Chambers later clarified what he means by "No. 1" IT player. "As measured not by volume, but by value to the customer, achieving their top business goals," he said. So he's not saying Cisco will be the biggest IT vendor in the world? "The biggest often doesn't have the profitability," he said.

Chambers continues to say that half of the top six or seven IT players won't even be around in "a meaningful way" in three to four years. While Chambers wouldn't be drawn out on which of the big vendors he's betting against, he did say this: "It goes back to their ability to deliver innovation to their customers."

If I'm a Cisco customer, I asked Chambers, what should excite me most about this latest announcement? He responded:

It all comes back to applications. If you watch what occurs in today's IT budgets, they're getting squeezed because [IT organizations] aren't able to move quickly in providing applications to their customers. That's why budgets are going out in part to business units as opposed to IT.

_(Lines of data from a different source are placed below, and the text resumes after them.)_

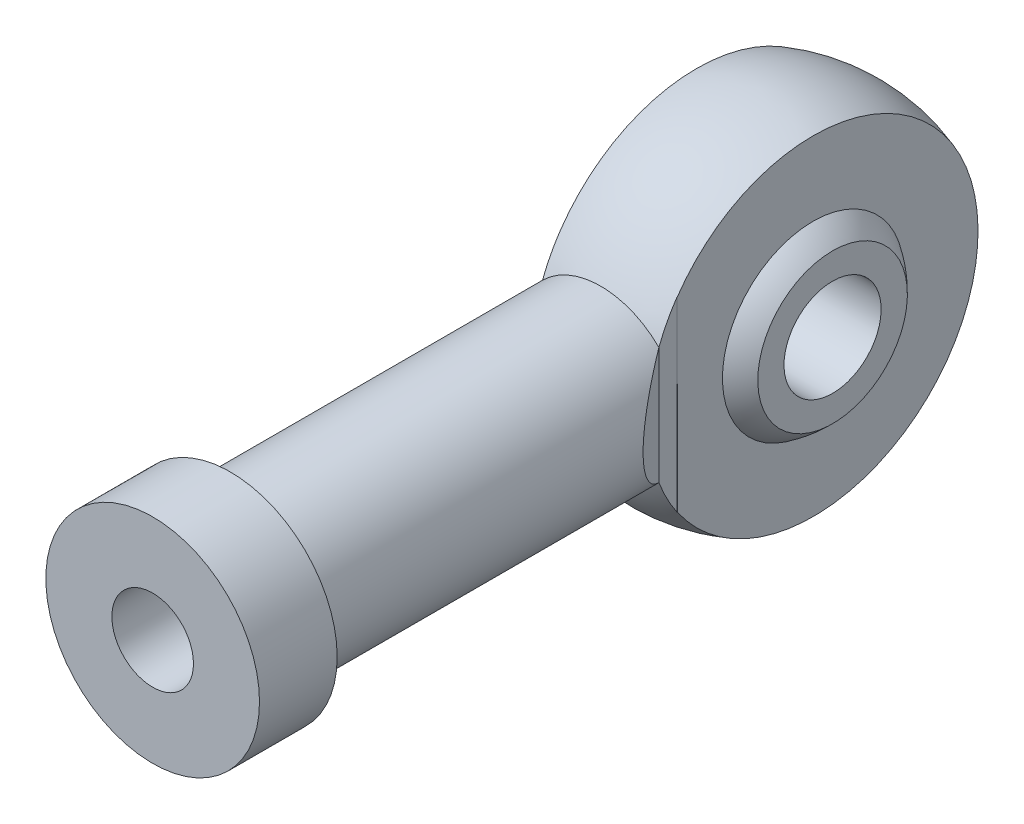
ISO-10303-21;
HEADER;
FILE_DESCRIPTION(('STEP AP214'),'2;1');
FILE_NAME('part.step','',(''),(''),'','','');
FILE_SCHEMA(('AUTOMOTIVE_DESIGN { 1 0 10303 214 1 1 1 1 }'));
ENDSEC;
DATA;
#1=APPLICATION_CONTEXT('core data for automotive mechanical design processes');
#2=APPLICATION_PROTOCOL_DEFINITION('international standard','automotive_design',2000,#1);
#3=PRODUCT_CONTEXT('',#1,'mechanical');
#4=PRODUCT('Part','Part','',(#3));
#5=PRODUCT_RELATED_PRODUCT_CATEGORY('part','',(#4));
#6=PRODUCT_DEFINITION_FORMATION('','',#4);
#7=PRODUCT_DEFINITION_CONTEXT('part definition',#1,'design');
#8=PRODUCT_DEFINITION('design','',#6,#7);
#9=PRODUCT_DEFINITION_SHAPE('','',#8);
#10=(LENGTH_UNIT() NAMED_UNIT(*) SI_UNIT(.MILLI.,.METRE.));
#11=(NAMED_UNIT(*) PLANE_ANGLE_UNIT() SI_UNIT($,.RADIAN.));
#12=(NAMED_UNIT(*) SI_UNIT($,.STERADIAN.) SOLID_ANGLE_UNIT());
#13=UNCERTAINTY_MEASURE_WITH_UNIT(LENGTH_MEASURE(1.E-05),#10,'distance_accuracy_value','');
#14=(GEOMETRIC_REPRESENTATION_CONTEXT(3) GLOBAL_UNCERTAINTY_ASSIGNED_CONTEXT((#13)) GLOBAL_UNIT_ASSIGNED_CONTEXT((#10,
#11,#12)) REPRESENTATION_CONTEXT('',''));
#15=CARTESIAN_POINT('',(0.,0.,0.));
#16=DIRECTION('',(0.,0.,1.));
#17=DIRECTION('',(1.,0.,0.));
#18=AXIS2_PLACEMENT_3D('',#15,#16,#17);
#19=CARTESIAN_POINT('',(-2.99065769581719,-0.00329144068268788,0.));
#20=DIRECTION('',(0.999999394368772,0.00110057352731877,0.));
#21=DIRECTION('',(-0.00110057352731877,0.999999394368772,0.));
#22=AXIS2_PLACEMENT_3D('',#19,#20,#21);
#23=CONICAL_SURFACE('',#22,8.48857795586915,1.5696957530454);
#24=CARTESIAN_POINT('',(-2.98587767050593,-4.50986404126184,6.99999999999999));
#25=CARTESIAN_POINT('',(-2.98696704089088,-3.86904866982626,6.99999999999999));
#26=CARTESIAN_POINT('',(-2.98799511268696,-3.22823318379778,6.99999999999999));
#27=CARTESIAN_POINT('',(-2.98989243643355,-1.94660198497909,6.99999999999999));
#28=CARTESIAN_POINT('',(-2.99076168838577,-1.30578627218888,6.99999999999999));
#29=CARTESIAN_POINT('',(-2.99230514964899,-0.0241547354105878,6.99999999999999));
#30=CARTESIAN_POINT('',(-2.99297935899859,0.616661088577456,6.99999999999999));
#31=CARTESIAN_POINT('',(-2.99413983267879,1.89829290344786,6.99999999999999));
#32=CARTESIAN_POINT('',(-2.99462609700943,2.53910889433022,6.99999999999999));
#33=CARTESIAN_POINT('',(-2.99586836539569,4.4615568562803,6.99999999999999));
#34=CARTESIAN_POINT('',(-2.99640784500371,5.74318896076301,6.99999999999999));
#35=CARTESIAN_POINT('',(-2.99722802226726,8.30645339784344,6.99999999999999));
#36=CARTESIAN_POINT('',(-2.99750871988829,9.58808573044116,6.99999999999999));
#37=CARTESIAN_POINT('',(-2.9981832328712,13.4162925804174,6.99999999999999));
#38=CARTESIAN_POINT('',(-2.99841525848541,15.962867125722,6.99999999999999));
#39=CARTESIAN_POINT('',(-2.99876899653975,21.0560162274157,6.99999999999999));
#40=CARTESIAN_POINT('',(-2.99889070897936,23.6025907838048,6.99999999999999));
#41=CARTESIAN_POINT('',(-2.99908289041489,28.6957384884072,6.99999999999999));
#42=CARTESIAN_POINT('',(-2.99915335943921,31.2423116366205,6.99999999999999));
#43=CARTESIAN_POINT('',(-2.9992675268632,36.3354579145907,6.99999999999999));
#44=CARTESIAN_POINT('',(-2.99931122526307,38.8820310443476,6.99999999999999));
#45=CARTESIAN_POINT('',(-2.99935377470547,41.4286041730237,6.99999999999999));
#46=B_SPLINE_CURVE_WITH_KNOTS('',3,(#24,#25,#26,#27,#28,#29,#30,#31,#32,#33,#34,#35,#36,#37,#38,
#39,#40,#41,#42,#43,#44,#45),.UNSPECIFIED.,.F.,.F.,(4,2,2,2,2,2,2,2,2,2,4),(0.,1.92244890536118,
3.84489779014671,5.76734629436151,7.68979479809854,11.5346913732364,15.3795884611671,
23.0193121075204,30.6590357889017,38.2987552354128,45.9384746246257),.UNSPECIFIED.);
#47=CARTESIAN_POINT('',(-2.99594227764374,4.79836741705207,6.99999999999999));
#48=VERTEX_POINT('',#47);
#49=CARTESIAN_POINT('',(-2.99493247749547,3.01544017603445,6.99999999999999));
#50=VERTEX_POINT('',#49);
#51=EDGE_CURVE('E177',#48,#50,#46,.F.);
#52=ORIENTED_EDGE('',*,*,#51,.F.);
#53=CARTESIAN_POINT('',(-2.99065769581719,-0.00329144068268788,0.));
#54=DIRECTION('',(0.999999394368772,0.00110057352731877,0.));
#55=DIRECTION('',(-0.00110057352731877,0.999999394368772,0.));
#56=AXIS2_PLACEMENT_3D('',#53,#54,#55);
#57=CIRCLE('',#56,8.48857795586915);
#58=CARTESIAN_POINT('',(-2.98733431806022,-3.02296769287065,7.93331582631121));
#59=VERTEX_POINT('',#58);
#60=EDGE_CURVE('E266',#59,#48,#57,.T.);
#61=ORIENTED_EDGE('',*,*,#60,.F.);
#62=CARTESIAN_POINT('',(-2.9866050355156,-3.02368820512844,8.63763575145607));
#63=CARTESIAN_POINT('',(-2.98691527374126,-3.02338176898465,8.33985350291747));
#64=CARTESIAN_POINT('',(-2.98722317419889,-3.02307755174879,8.04207124972971));
#65=CARTESIAN_POINT('',(-2.98783429957813,-3.02247355509293,7.44650673404871));
#66=CARTESIAN_POINT('',(-2.98813752449973,-3.02217377567294,7.14872447155548));
#67=CARTESIAN_POINT('',(-2.98843841165331,-3.02187621516088,6.85094220441308));
#68=B_SPLINE_CURVE_WITH_KNOTS('',3,(#62,#63,#64,#65,#66,#67),.UNSPECIFIED.,.F.,.F.,(4,2,4),(0.,
0.893347703293407,1.78669540660818),.UNSPECIFIED.);
#69=CARTESIAN_POINT('',(-2.98828779895705,-3.02202515386693,6.99999999999999));
#70=VERTEX_POINT('',#69);
#71=EDGE_CURVE('E237',#59,#70,#68,.T.);
#72=ORIENTED_EDGE('',*,*,#71,.T.);
#73=CARTESIAN_POINT('',(-2.97379861716255,-10.877684637419,6.99999999999999));
#74=CARTESIAN_POINT('',(-2.97635712662216,-9.59598682161832,6.99999999999999));
#75=CARTESIAN_POINT('',(-2.97892320568871,-8.31428896298168,6.99999999999999));
#76=CARTESIAN_POINT('',(-2.98376835514571,-5.75089287020575,6.99999999999999));
#77=CARTESIAN_POINT('',(-2.98604742557103,-4.46919463606651,6.99999999999999));
#78=CARTESIAN_POINT('',(-2.99001641095492,-1.9057969773286,6.99999999999999));
#79=CARTESIAN_POINT('',(-2.99170632581525,-0.624097552729756,6.99999999999999));
#80=CARTESIAN_POINT('',(-2.99427185308603,1.93930217772501,6.99999999999999));
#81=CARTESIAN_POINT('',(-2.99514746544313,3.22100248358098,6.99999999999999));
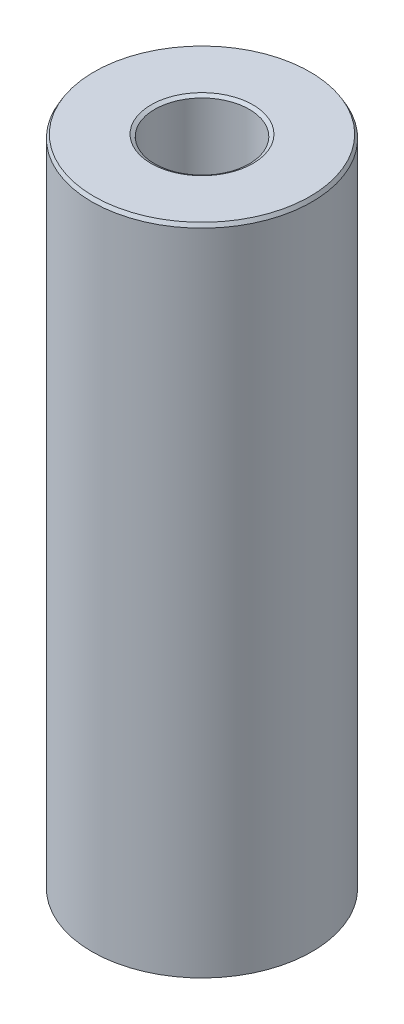
ISO-10303-21;
HEADER;
FILE_DESCRIPTION(('STEP AP214'),'2;1');
FILE_NAME('part.step','',(''),(''),'','','');
FILE_SCHEMA(('AUTOMOTIVE_DESIGN { 1 0 10303 214 1 1 1 1 }'));
ENDSEC;
DATA;
#1=APPLICATION_CONTEXT('core data for automotive mechanical design processes');
#2=APPLICATION_PROTOCOL_DEFINITION('international standard','automotive_design',2000,#1);
#3=PRODUCT_CONTEXT('',#1,'mechanical');
#4=PRODUCT('Part','Part','',(#3));
#5=PRODUCT_RELATED_PRODUCT_CATEGORY('part','',(#4));
#6=PRODUCT_DEFINITION_FORMATION('','',#4);
#7=PRODUCT_DEFINITION_CONTEXT('part definition',#1,'design');
#8=PRODUCT_DEFINITION('design','',#6,#7);
#9=PRODUCT_DEFINITION_SHAPE('','',#8);
#10=(LENGTH_UNIT() NAMED_UNIT(*) SI_UNIT(.MILLI.,.METRE.));
#11=(NAMED_UNIT(*) PLANE_ANGLE_UNIT() SI_UNIT($,.RADIAN.));
#12=(NAMED_UNIT(*) SI_UNIT($,.STERADIAN.) SOLID_ANGLE_UNIT());
#13=UNCERTAINTY_MEASURE_WITH_UNIT(LENGTH_MEASURE(1.E-05),#10,'distance_accuracy_value','');
#14=(GEOMETRIC_REPRESENTATION_CONTEXT(3) GLOBAL_UNCERTAINTY_ASSIGNED_CONTEXT((#13)) GLOBAL_UNIT_ASSIGNED_CONTEXT((#10,
#11,#12)) REPRESENTATION_CONTEXT('',''));
#15=CARTESIAN_POINT('',(0.,0.,0.));
#16=DIRECTION('',(0.,0.,1.));
#17=DIRECTION('',(1.,0.,0.));
#18=AXIS2_PLACEMENT_3D('',#15,#16,#17);
#19=CARTESIAN_POINT('',(0.,312.460441922668,0.));
#20=DIRECTION('',(0.,-1.,0.));
#21=DIRECTION('',(0.,0.,-1.));
#22=AXIS2_PLACEMENT_3D('',#19,#20,#21);
#23=CYLINDRICAL_SURFACE('',#22,52.5);
#24=CARTESIAN_POINT('',(0.,0.998419643419846,0.));
#25=DIRECTION('',(0.,1.,0.));
#26=DIRECTION('',(0.,0.,1.));
#27=AXIS2_PLACEMENT_3D('',#24,#25,#26);
#28=CIRCLE('',#27,52.5);
#29=CARTESIAN_POINT('',(0.,0.998419643419846,52.5));
#30=VERTEX_POINT('',#29);
#31=EDGE_CURVE('E10',#30,#30,#28,.T.);
#32=ORIENTED_EDGE('',*,*,#31,.T.);
#33=EDGE_LOOP('',(#32));
#34=FACE_BOUND('',#33,.T.);
#35=CARTESIAN_POINT('',(0.,310.73112837299,0.));
#36=DIRECTION('',(0.,1.,0.));
#37=DIRECTION('',(0.,0.,1.));
#38=AXIS2_PLACEMENT_3D('',#35,#36,#37);
#39=CIRCLE('',#38,52.5);
#40=CARTESIAN_POINT('',(0.,310.73112837299,52.5));
#41=VERTEX_POINT('',#40);
#42=EDGE_CURVE('E50',#41,#41,#39,.F.);
#43=ORIENTED_EDGE('',*,*,#42,.T.);
#44=EDGE_LOOP('',(#43));
#45=FACE_BOUND('',#44,.T.);
#46=ADVANCED_FACE('F39',(#34,#45),#23,.T.);
#47=CARTESIAN_POINT('',(0.,312.460441922668,0.));
#48=DIRECTION('',(0.,1.,0.));
#49=DIRECTION('',(0.,0.,1.));
#50=AXIS2_PLACEMENT_3D('',#47,#48,#49);
#51=PLANE('',#50);
#52=CARTESIAN_POINT('',(0.,312.460441922668,0.));
#53=DIRECTION('',(0.,1.,0.));
#54=DIRECTION('',(0.,0.,1.));
#55=AXIS2_PLACEMENT_3D('',#52,#53,#54);
#56=CIRCLE('',#55,24.2801282244609);
#57=CARTESIAN_POINT('',(0.,312.460441922668,24.2801282244609));
#58=VERTEX_POINT('',#57);
#59=EDGE_CURVE('E58',#58,#58,#56,.F.);
#60=ORIENTED_EDGE('',*,*,#59,.T.);
#61=EDGE_LOOP('',(#60));
#62=FACE_BOUND('',#61,.T.);
#63=CARTESIAN_POINT('',(0.,312.460441922668,0.));
#64=DIRECTION('',(0.,1.,0.));
#65=DIRECTION('',(0.,0.,1.));
#66=AXIS2_PLACEMENT_3D('',#63,#64,#65);
#67=CIRCLE('',#66,51.50158035658);
#68=CARTESIAN_POINT('',(0.,312.460441922668,51.50158035658));
#69=VERTEX_POINT('',#68);
#70=EDGE_CURVE('E61',#69,#69,#67,.T.);
#71=ORIENTED_EDGE('',*,*,#70,.T.);
#72=EDGE_LOOP('',(#71));
#73=FACE_BOUND('',#72,.T.);
#74=ADVANCED_FACE('F88',(#62,#73),#51,.T.);
#75=CARTESIAN_POINT('',(0.,0.,0.));
#76=DIRECTION('',(0.,1.,0.));
#77=DIRECTION('',(0.,0.,1.));
#78=AXIS2_PLACEMENT_3D('',#75,#76,#77);
#79=PLANE('',#78);
#80=CARTESIAN_POINT('',(0.,0.,0.));
#81=DIRECTION('',(0.,1.,0.));
#82=DIRECTION('',(0.,0.,1.));
#83=AXIS2_PLACEMENT_3D('',#80,#81,#82);
#84=CIRCLE('',#83,23.5492343182027);
#85=CARTESIAN_POINT('',(0.,0.,23.5492343182027));
#86=VERTEX_POINT('',#85);
#87=EDGE_CURVE('E51',#86,#86,#84,.T.);
#88=ORIENTED_EDGE('',*,*,#87,.T.);
#89=EDGE_LOOP('',(#88));
#90=FACE_BOUND('',#89,.T.);
#91=CARTESIAN_POINT('',(0.,0.,0.));
#92=DIRECTION('',(0.,1.,0.));
#93=DIRECTION('',(0.,0.,1.));
#94=AXIS2_PLACEMENT_3D('',#91,#92,#93);
#95=CIRCLE('',#94,50.7706864503219);
#96=CARTESIAN_POINT('',(0.,0.,50.7706864503219));
#97=VERTEX_POINT('',#96);
#98=EDGE_CURVE('E54',#97,#97,#95,.F.);
#99=ORIENTED_EDGE('',*,*,#98,.T.);
#100=EDGE_LOOP('',(#99));
#101=FACE_BOUND('',#100,.T.);
#102=ADVANCED_FACE('F83',(#90,#101),#79,.F.);
#103=CARTESIAN_POINT('',(0.,312.460441922668,0.));
#104=DIRECTION('',(0.,-1.,0.));
#105=DIRECTION('',(0.,0.,-1.));
#106=AXIS2_PLACEMENT_3D('',#103,#104,#105);
#107=CYLINDRICAL_SURFACE('',#106,22.5508146747828);
#108=CARTESIAN_POINT('',(0.,311.462022279249,0.));
#109=DIRECTION('',(0.,1.,0.));
#110=DIRECTION('',(0.,0.,1.));
#111=AXIS2_PLACEMENT_3D('',#108,#109,#110);
#112=CIRCLE('',#111,22.5508146747828);
#113=CARTESIAN_POINT('',(0.,311.462022279249,22.5508146747828));
#114=VERTEX_POINT('',#113);
#115=EDGE_CURVE('E67',#114,#114,#112,.T.);
#116=ORIENTED_EDGE('',*,*,#115,.T.);
#117=EDGE_LOOP('',(#116));
#118=FACE_BOUND('',#117,.T.);
#119=CARTESIAN_POINT('',(0.,1.72931354967809,0.));
#120=DIRECTION('',(0.,1.,0.));
#121=DIRECTION('',(0.,0.,1.));
#122=AXIS2_PLACEMENT_3D('',#119,#120,#121);
#123=CIRCLE('',#122,22.5508146747828);
#124=CARTESIAN_POINT('',(0.,1.72931354967809,22.5508146747828));
#125=VERTEX_POINT('',#124);
#126=EDGE_CURVE('E69',#125,#125,#123,.F.);
#127=ORIENTED_EDGE('',*,*,#126,.T.);
#128=EDGE_LOOP('',(#127));
#129=FACE_BOUND('',#128,.T.);
#130=ADVANCED_FACE('F71',(#118,#129),#107,.F.);
#131=CARTESIAN_POINT('',(0.,311.462022279249,0.));
#132=DIRECTION('',(0.,1.,0.));
#133=DIRECTION('',(0.,0.,1.));
#134=AXIS2_PLACEMENT_3D('',#131,#132,#133);
#135=CONICAL_SURFACE('',#134,22.5508146747828,1.04719755119662);
#136=ORIENTED_EDGE('',*,*,#59,.F.);
#137=EDGE_LOOP('',(#136));
#138=FACE_BOUND('',#137,.T.);
#139=ORIENTED_EDGE('',*,*,#115,.F.);
#140=EDGE_LOOP('',(#139));
#141=FACE_BOUND('',#140,.T.);
#142=ADVANCED_FACE('F77',(#138,#141),#135,.F.);
#143=CARTESIAN_POINT('',(0.,0.,0.));
#144=DIRECTION('',(0.,-1.,0.));
#145=DIRECTION('',(0.,0.,-1.));
#146=AXIS2_PLACEMENT_3D('',#143,#144,#145);
#147=CONICAL_SURFACE('',#146,23.5492343182027,0.523598775598295);
#148=ORIENTED_EDGE('',*,*,#126,.F.);
#149=EDGE_LOOP('',(#148));
#150=FACE_BOUND('',#149,.T.);
#151=ORIENTED_EDGE('',*,*,#87,.F.);
#152=EDGE_LOOP('',(#151));
#153=FACE_BOUND('',#152,.T.);
#154=ADVANCED_FACE('F73',(#150,#153),#147,.F.);
#155=CARTESIAN_POINT('',(0.,0.998419643419846,0.));
#156=DIRECTION('',(0.,1.,0.));
#157=DIRECTION('',(0.,0.,1.));
#158=AXIS2_PLACEMENT_3D('',#155,#156,#157);
#159=CONICAL_SURFACE('',#158,52.5,1.04719755119662);
#160=ORIENTED_EDGE('',*,*,#98,.F.);
#161=EDGE_LOOP('',(#160));
#162=FACE_BOUND('',#161,.T.);
#163=ORIENTED_EDGE('',*,*,#31,.F.);
#164=EDGE_LOOP('',(#163));
#165=FACE_BOUND('',#164,.T.);
#166=ADVANCED_FACE('F76',(#162,#165),#159,.T.);
#167=CARTESIAN_POINT('',(0.,312.460441922668,0.));
#168=DIRECTION('',(0.,-1.,0.));
#169=DIRECTION('',(0.,0.,-1.));
#170=AXIS2_PLACEMENT_3D('',#167,#168,#169);
#171=CONICAL_SURFACE('',#170,51.50158035658,0.523598775598291);
#172=ORIENTED_EDGE('',*,*,#42,.F.);
#173=EDGE_LOOP('',(#172));
#174=FACE_BOUND('',#173,.T.);
#175=ORIENTED_EDGE('',*,*,#70,.F.);
#176=EDGE_LOOP('',(#175));
#177=FACE_BOUND('',#176,.T.);
#178=ADVANCED_FACE('F45',(#174,#177),#171,.T.);
#179=CLOSED_SHELL('',(#46,#74,#102,#130,#142,#154,#166,#178));
#180=MANIFOLD_SOLID_BREP('B2',#179);
#181=ADVANCED_BREP_SHAPE_REPRESENTATION('',(#18,#180),#14);
#182=SHAPE_DEFINITION_REPRESENTATION(#9,#181);
ENDSEC;
END-ISO-10303-21;

The environment today is very complex and very inflexible. And if you don't mask that complexity through an architecture from a strategic partner you trust… you're being a systems integrator for a whole bunch of white label boxes and a whole bunch of different vendors. First, that's not a core competency of a company and second, it's unbelievably expensive and third, it adds no value to the customer. Contrast that to an architectural play that comes as close to future-proofing as I've ever seen.

We had to change our company to go after this internally. We had to change our company from developing products in silos to thinking horizontally, and we're not there yet. We're making very good progress. We had to change our consultancy group from providing consultancy for the data center or collaboration mode or security mode to an architectural consultancy, and we had to do that throughout the whole company.

Chambers, always with an eye to Wall Street and shareholders, emphasized the robust profitability of Cisco's new SDN product line. "If you watch, the new products coming out all have very good margins," he said. "So I've learned from my mistakes. We've designed our products with very high margins from the beginning. We can't do it like we did a few years ago, where you bring out a product and it takes you three years to get to 50 percent gross margins."

So you don't feel threatened by the Open Compute Project and the commodity SDN switch it plans to open source? What do you make of that effort?

"First off, I don't allow [our people] to fall in love with technology," Chambers said. He continued:

I was at IBM with mainframes and Wang with minicomputers. We will constantly evolve. And just as we did with ATM versus Fast Ethernet, our customers told us Fast Ethernet would win, but we also bet on ATM, though not as much. If we miss an area, we can adjust very quickly.

Watch each time we've made a move. How many people thought we could seriously win in the data center? The largest company in the industry said we'd be gone in 12 months. The voice and telephony market players said we couldn't even spell telephony. Well, they may have been right, but we knew how to get 60 percent market share.

We're a member of these open standards group, so we will absolutely play there. What customers are after: Vendors, you're too complex, you're too costly, you take me too long to make a difference. The IT organization is too slow achieving business objectives. So go back to what they're after -- applications faster, quicker, future-proof. There's not a CIO in the world, if you told them you could change their top line by 1 or 2 percent, their bottom line by 1 or 2 percent, they wouldn't say: Sign me up. We can do that. In fact, the Internet of Things by itself can do that.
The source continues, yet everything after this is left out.